Выбрать главу

Не было и влияния идеологии, скреплявшей широкие международные сообщества: в момент внешнеполитического кризиса середины века Константинополь – духовный центр православия был занят европейскими крестоносцами (1204–1261), а после их изгнания Византия уже никогда не смогла восстановить даже часть прежних возможностей и авторитета. Обращаясь в Константинополь за утверждением митрополита Киевского и всея Руси, Русские земли действовали по традиции, которую не решались отвергнуть вплоть до середины XV столетия. Но не были готовы получать оттуда политическую поддержку или указания, имеющие значение для международных отношений. Патриарх Константинопольский и утвержденный им митрополит Руси были, опосредованно в первом случае и прямо во втором, не внешними источниками легитимности, а участниками русского внутриполитического процесса. Это, конечно, делало русских правителей более свободными и гибкими в решениях, в т. ч. там, где это было невозможно в Западной Европе в силу именно идеологических соображений.

Уже с начала XV в. московские государи начинают привлекать на службу татарские военные отряды – практика, возникшая на самых ранних этапах взаимодействия Руси со Степью. В 1452 г. ислам не становится препятствием для расселения «служилых татар» на восточных рубежах Великого Московского княжества – решения совершенно экстраординарного по меркам средневекового религиозного сознания, но обусловленного тем, что Василий II Темный мог действовать без оглядки на мнение других христианских правителей. Отсутствие необходимости соответствовать шаблонам поведения, принятым в более широком цивилизационном сообществе в первые столетия новой русской государственности, сделало ничтожным символическое измерение внешней политики: русская внешнеполитическая культура формировалась в условиях, когда символы – важный инструмент цивилизационного единства разных народов – не имеют большого значения. Значение имеют содержание и практика, определяющаяся конкретным соотношением силовых возможностей Русской земли и ее соседей. Русская внешнеполитическая культура формировалась как прагматичная и не уделяющая внимания идеологии и символам.

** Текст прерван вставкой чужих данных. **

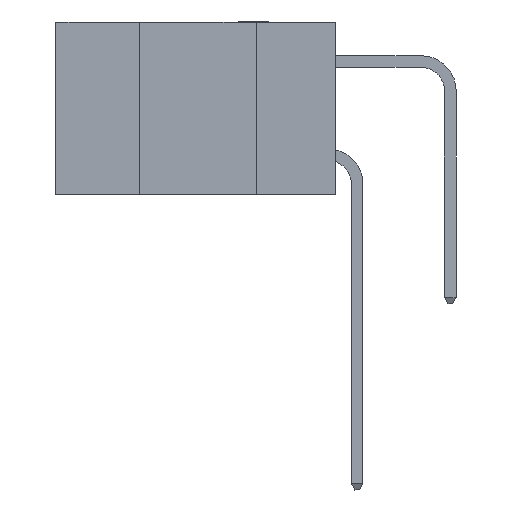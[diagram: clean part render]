
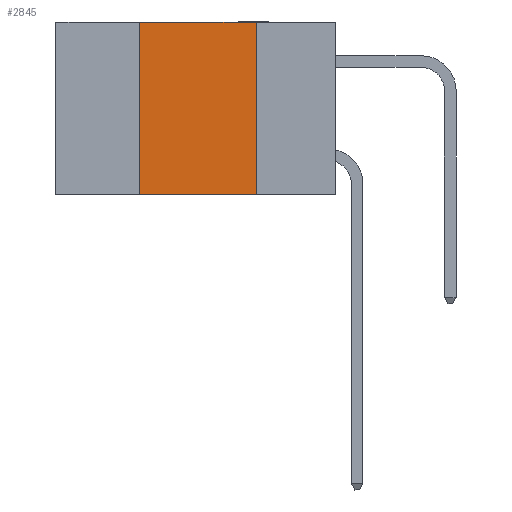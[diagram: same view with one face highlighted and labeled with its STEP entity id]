
A CAD part, left-side view. The second image highlights one B-rep face of the part: STEP entity #2845.
In plain terms, the highlighted planar face has unit normal (-1, 0, 0).
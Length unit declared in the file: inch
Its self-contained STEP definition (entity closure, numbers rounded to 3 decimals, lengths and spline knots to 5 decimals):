
#768 = CARTESIAN_POINT ( 'NONE',  ( 0., 0.17, -0.37 ) ) ;
#777 = AXIS2_PLACEMENT_3D ( 'NONE', #18997, #13994, #2370 ) ;
#1207 = VECTOR ( 'NONE', #7284, 39.37008 ) ;
#1242 = CARTESIAN_POINT ( 'NONE',  ( 0., 0.6, -0.37 ) ) ;
#1422 = EDGE_LOOP ( 'NONE', ( #10558, #10961, #12701, #16632 ) ) ;
#1453 = VERTEX_POINT ( 'NONE', #5424 ) ;
#2014 = LINE ( 'NONE', #4659, #2264 ) ;
#2262 = FACE_OUTER_BOUND ( 'NONE', #1422, .T. ) ;
#2264 = VECTOR ( 'NONE', #13040, 39.37008 ) ;
#2370 = DIRECTION ( 'NONE',  ( 0., 0., -1. ) ) ;
#2377 = EDGE_CURVE ( 'NONE', #19041, #1453, #19482, .T. ) ;
#2845 = ADVANCED_FACE ( 'NONE', ( #2262 ), #10487, .F. ) ;
#3678 = CARTESIAN_POINT ( 'NONE',  ( 0., 0.17, 0. ) ) ;
#3831 = EDGE_CURVE ( 'NONE', #18148, #7913, #21094, .T. ) ;
#3918 = CARTESIAN_POINT ( 'NONE',  ( 0., 0.42, 0. ) ) ;
#4029 = CARTESIAN_POINT ( 'NONE',  ( 0., 0.17, 0. ) ) ;
#4659 = CARTESIAN_POINT ( 'NONE',  ( 0., 0.6, 0. ) ) ;
#5424 = CARTESIAN_POINT ( 'NONE',  ( 0., 0.42, 0. ) ) ;
#7284 = DIRECTION ( 'NONE',  ( 0., 0., 1. ) ) ;
#7913 = VERTEX_POINT ( 'NONE', #768 ) ;
#10223 = CARTESIAN_POINT ( 'NONE',  ( 0., 0.42, -0.37 ) ) ;
#10487 = PLANE ( 'NONE',  #777 ) ;
#10558 = ORIENTED_EDGE ( 'NONE', *, *, #3831, .F. ) ;
#10961 = ORIENTED_EDGE ( 'NONE', *, *, #16762, .F. ) ;
#11644 = VECTOR ( 'NONE', #12936, 39.37008 ) ;
#12701 = ORIENTED_EDGE ( 'NONE', *, *, #2377, .F. ) ;
#12936 = DIRECTION ( 'NONE',  ( 0., -1., 0. ) ) ;
#13040 = DIRECTION ( 'NONE',  ( 0., -1., 0. ) ) ;
#13994 = DIRECTION ( 'NONE',  ( 1., 0., 0. ) ) ;
#15054 = LINE ( 'NONE', #1242, #11644 ) ;
#16632 = ORIENTED_EDGE ( 'NONE', *, *, #17635, .T. ) ;
#16762 = EDGE_CURVE ( 'NONE', #1453, #18148, #2014, .T. ) ;
#17095 = DIRECTION ( 'NONE',  ( 0., 0., -1. ) ) ;
#17635 = EDGE_CURVE ( 'NONE', #19041, #7913, #15054, .T. ) ;
#18148 = VERTEX_POINT ( 'NONE', #4029 ) ;
#18997 = CARTESIAN_POINT ( 'NONE',  ( 0., 0.6, 0. ) ) ;
#19041 = VERTEX_POINT ( 'NONE', #10223 ) ;
#19482 = LINE ( 'NONE', #3918, #1207 ) ;
#20837 = VECTOR ( 'NONE', #17095, 39.37008 ) ;
#21094 = LINE ( 'NONE', #3678, #20837 ) ;

Одновременно самостоятельность Русских земель по отношению к более широким международным сообществам развивала привычку опираться только на свои силы вне зависимости от того, насколько они велики или малы. Русская внешнеполитическая культура изначально содержит в себе чрезвычайно высокую степень приспособляемости к ситуации. Отсюда один из ее центральных парадоксов: способность к бесконечно длительному отступлению без признания своего поражения. В русской внешнеполитической культуре нет связи между силой противника и его авторитетом: любое преклонение колен является даже не тактической уловкой, а органичной частью взаимодействия с тем, кто сильнее сейчас, но может быть побежден завтра или послезавтра. Российской внешнеполитической культуре несвойственно четкое различение таких категорий, как оборона и наступление. На этапе формирования единого государства с центром в Москве они были всегда настолько переплетены, что обнаружить ясную концептуальную грань было так же невозможно, как и практическую. В отношениях с Ордой или Литвой, обороняясь, русская внешняя политика не ставила задач, которые могли бы ограничить возможности наступления тогда, когда для этого возникнут подходящие обстоятельства. В обоих случаях вторжения иноземных соседей постепенно, без четкой разделительной грани, совершенно несистемно сменялись уже русскими походами в их владения.

Возможно, именно поэтому Россия если и терпела поражения, никогда не признавала их политические результаты: конкретное событие всегда рассматривалось как часть более длительной истории. А поскольку в самоощущениях ее народа Русская земля вечна и представляет собой данность, и от иноземцев ожидается принятие ее в этом качестве, «а не то хуже будет». Падение Византии в 1453 г., почти совпавшее по времени с началом последнего этапа объединения Русских земель вокруг Москвы, значительно укрепило чувство собственной уникальности и вечности, а также стало поводом для выхода центральной власти на новый уровень – освобождения от опеки патриарха в деле назначения митрополитов всея Руси. Русское государство никогда не ставило свою принадлежность к православному миру во главе с Константинополем выше, чем национальную идентичность, осознание которой происходило во взаимодействии с противниками, а не союзниками. Поэтому для русской внешнеполитической культуры долг перед союзниками связан не с формальными обязательствами, а с собственными представлениями о себе и справедливости.